Возвращаемся. Справа со двора выруливает бежевая «Девяносто девятая», обезображенная тюнингом и тонировкой. Сквозь закрытые окна музыка грохочет так, будто колонки снаружи, а не внутри.
– Вадик Знаменский, – зевает робот, – шестнадцать лет, из них три недели за рулем, юношеский максимализм зашкаливает. На дороге косплеит последнюю сволочь, думает, будто это круто. Едет до дома от другана Григория.

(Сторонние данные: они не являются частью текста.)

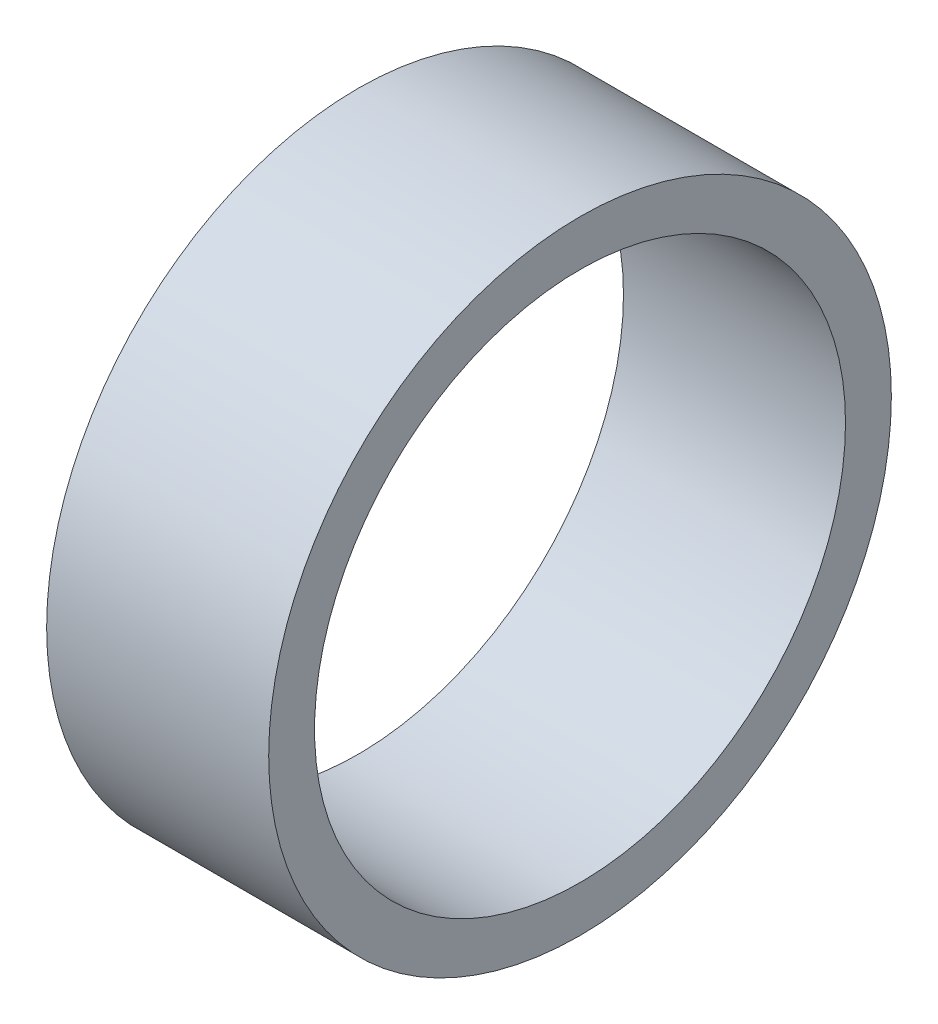
ISO-10303-21;
HEADER;
FILE_DESCRIPTION(('STEP AP214'),'2;1');
FILE_NAME('part.step','',(''),(''),'','','');
FILE_SCHEMA(('AUTOMOTIVE_DESIGN { 1 0 10303 214 1 1 1 1 }'));
ENDSEC;
DATA;
#1=APPLICATION_CONTEXT('core data for automotive mechanical design processes');
#2=APPLICATION_PROTOCOL_DEFINITION('international standard','automotive_design',2000,#1);
#3=PRODUCT_CONTEXT('',#1,'mechanical');
#4=PRODUCT('Part','Part','',(#3));
#5=PRODUCT_RELATED_PRODUCT_CATEGORY('part','',(#4));
#6=PRODUCT_DEFINITION_FORMATION('','',#4);
#7=PRODUCT_DEFINITION_CONTEXT('part definition',#1,'design');
#8=PRODUCT_DEFINITION('design','',#6,#7);
#9=PRODUCT_DEFINITION_SHAPE('','',#8);
#10=(LENGTH_UNIT() NAMED_UNIT(*) SI_UNIT(.MILLI.,.METRE.));
#11=(NAMED_UNIT(*) PLANE_ANGLE_UNIT() SI_UNIT($,.RADIAN.));
#12=(NAMED_UNIT(*) SI_UNIT($,.STERADIAN.) SOLID_ANGLE_UNIT());
#13=UNCERTAINTY_MEASURE_WITH_UNIT(LENGTH_MEASURE(1.E-05),#10,'distance_accuracy_value','');
#14=(GEOMETRIC_REPRESENTATION_CONTEXT(3) GLOBAL_UNCERTAINTY_ASSIGNED_CONTEXT((#13)) GLOBAL_UNIT_ASSIGNED_CONTEXT((#10,
#11,#12)) REPRESENTATION_CONTEXT('',''));
#15=CARTESIAN_POINT('',(0.,0.,0.));
#16=DIRECTION('',(0.,0.,1.));
#17=DIRECTION('',(1.,0.,0.));
#18=AXIS2_PLACEMENT_3D('',#15,#16,#17);
#19=CARTESIAN_POINT('',(23.,0.,0.));
#20=DIRECTION('',(1.,0.,0.));
#21=DIRECTION('',(0.,0.,-1.));
#22=AXIS2_PLACEMENT_3D('',#19,#20,#21);
#23=PLANE('',#22);
#24=CARTESIAN_POINT('',(23.,0.,0.));
#25=DIRECTION('',(1.,0.,0.));
#26=DIRECTION('',(0.,0.,-1.));
#27=AXIS2_PLACEMENT_3D('',#24,#25,#26);
#28=CIRCLE('',#27,32.25);
#29=CARTESIAN_POINT('',(23.,0.,-32.25));
#30=VERTEX_POINT('',#29);
#31=EDGE_CURVE('E11',#30,#30,#28,.T.);
#32=ORIENTED_EDGE('',*,*,#31,.T.);
#33=EDGE_LOOP('',(#32));
#34=FACE_BOUND('',#33,.T.);
#35=CARTESIAN_POINT('',(23.,0.,0.));
#36=DIRECTION('',(1.,0.,0.));
#37=DIRECTION('',(0.,0.,-1.));
#38=AXIS2_PLACEMENT_3D('',#35,#36,#37);
#39=CIRCLE('',#38,27.5);
#40=CARTESIAN_POINT('',(23.,0.,-27.5));
#41=VERTEX_POINT('',#40);
#42=EDGE_CURVE('E56',#41,#41,#39,.T.);
#43=ORIENTED_EDGE('',*,*,#42,.F.);
#44=EDGE_LOOP('',(#43));
#45=FACE_BOUND('',#44,.T.);
#46=ADVANCED_FACE('F43',(#34,#45),#23,.T.);
#47=CARTESIAN_POINT('',(0.,0.,0.));
#48=DIRECTION('',(1.,0.,0.));
#49=DIRECTION('',(0.,0.,-1.));
#50=AXIS2_PLACEMENT_3D('',#47,#48,#49);
#51=PLANE('',#50);
#52=CARTESIAN_POINT('',(0.,0.,0.));
#53=DIRECTION('',(1.,0.,0.));
#54=DIRECTION('',(0.,0.,-1.));
#55=AXIS2_PLACEMENT_3D('',#52,#53,#54);
#56=CIRCLE('',#55,32.25);
#57=CARTESIAN_POINT('',(0.,0.,-32.25));
#58=VERTEX_POINT('',#57);
#59=EDGE_CURVE('E47',#58,#58,#56,.T.);
#60=ORIENTED_EDGE('',*,*,#59,.F.);
#61=EDGE_LOOP('',(#60));
#62=FACE_BOUND('',#61,.T.);
#63=CARTESIAN_POINT('',(0.,0.,0.));
#64=DIRECTION('',(1.,0.,0.));
#65=DIRECTION('',(0.,0.,-1.));
#66=AXIS2_PLACEMENT_3D('',#63,#64,#65);
#67=CIRCLE('',#66,27.5);
#68=CARTESIAN_POINT('',(0.,0.,-27.5));
#69=VERTEX_POINT('',#68);
#70=EDGE_CURVE('E58',#69,#69,#67,.T.);
#71=ORIENTED_EDGE('',*,*,#70,.T.);
#72=EDGE_LOOP('',(#71));
#73=FACE_BOUND('',#72,.T.);
#74=ADVANCED_FACE('F70',(#62,#73),#51,.F.);
#75=CARTESIAN_POINT('',(23.,0.,0.));
#76=DIRECTION('',(-1.,0.,0.));
#77=DIRECTION('',(0.,0.,1.));
#78=AXIS2_PLACEMENT_3D('',#75,#76,#77);
#79=CYLINDRICAL_SURFACE('',#78,32.25);
#80=ORIENTED_EDGE('',*,*,#31,.F.);
#81=EDGE_LOOP('',(#80));
#82=FACE_BOUND('',#81,.T.);
#83=ORIENTED_EDGE('',*,*,#59,.T.);
#84=EDGE_LOOP('',(#83));
#85=FACE_BOUND('',#84,.T.);
#86=ADVANCED_FACE('F45',(#82,#85),#79,.T.);
#87=CARTESIAN_POINT('',(23.,0.,0.));
#88=DIRECTION('',(-1.,0.,0.));
#89=DIRECTION('',(0.,0.,1.));
#90=AXIS2_PLACEMENT_3D('',#87,#88,#89);
#91=CYLINDRICAL_SURFACE('',#90,27.5);
#92=ORIENTED_EDGE('',*,*,#42,.T.);
#93=EDGE_LOOP('',(#92));
#94=FACE_BOUND('',#93,.T.);
#95=ORIENTED_EDGE('',*,*,#70,.F.);
#96=EDGE_LOOP('',(#95));
#97=FACE_BOUND('',#96,.T.);
#98=ADVANCED_FACE('F66',(#94,#97),#91,.F.);
#99=CLOSED_SHELL('',(#46,#74,#86,#98));
#100=MANIFOLD_SOLID_BREP('B2',#99);
#101=ADVANCED_BREP_SHAPE_REPRESENTATION('',(#18,#100),#14);
#102=SHAPE_DEFINITION_REPRESENTATION(#9,#101);
ENDSEC;
END-ISO-10303-21;

– А мы его и не тронем, – отвечаю я, – у него будущее неясное, возможно, исправится.
– Ага, – соглашается Батон.
На светофоре притормаживаю, «Девяносто девятая» обходит справа и частично заруливает на мою полосу.
– Стервец.
– Нет, наказывать не будем, поучим немного, – решаю я.
Зеленый.
Сцепление.
Передача.
Газ в пол.
Сдаю левее, прохожу «жигуленку» и утапливаю до ста шестидесяти за три с половиной секунды.
– Молодца, – вздыхает робот, – ничему жизнь тебя не учит.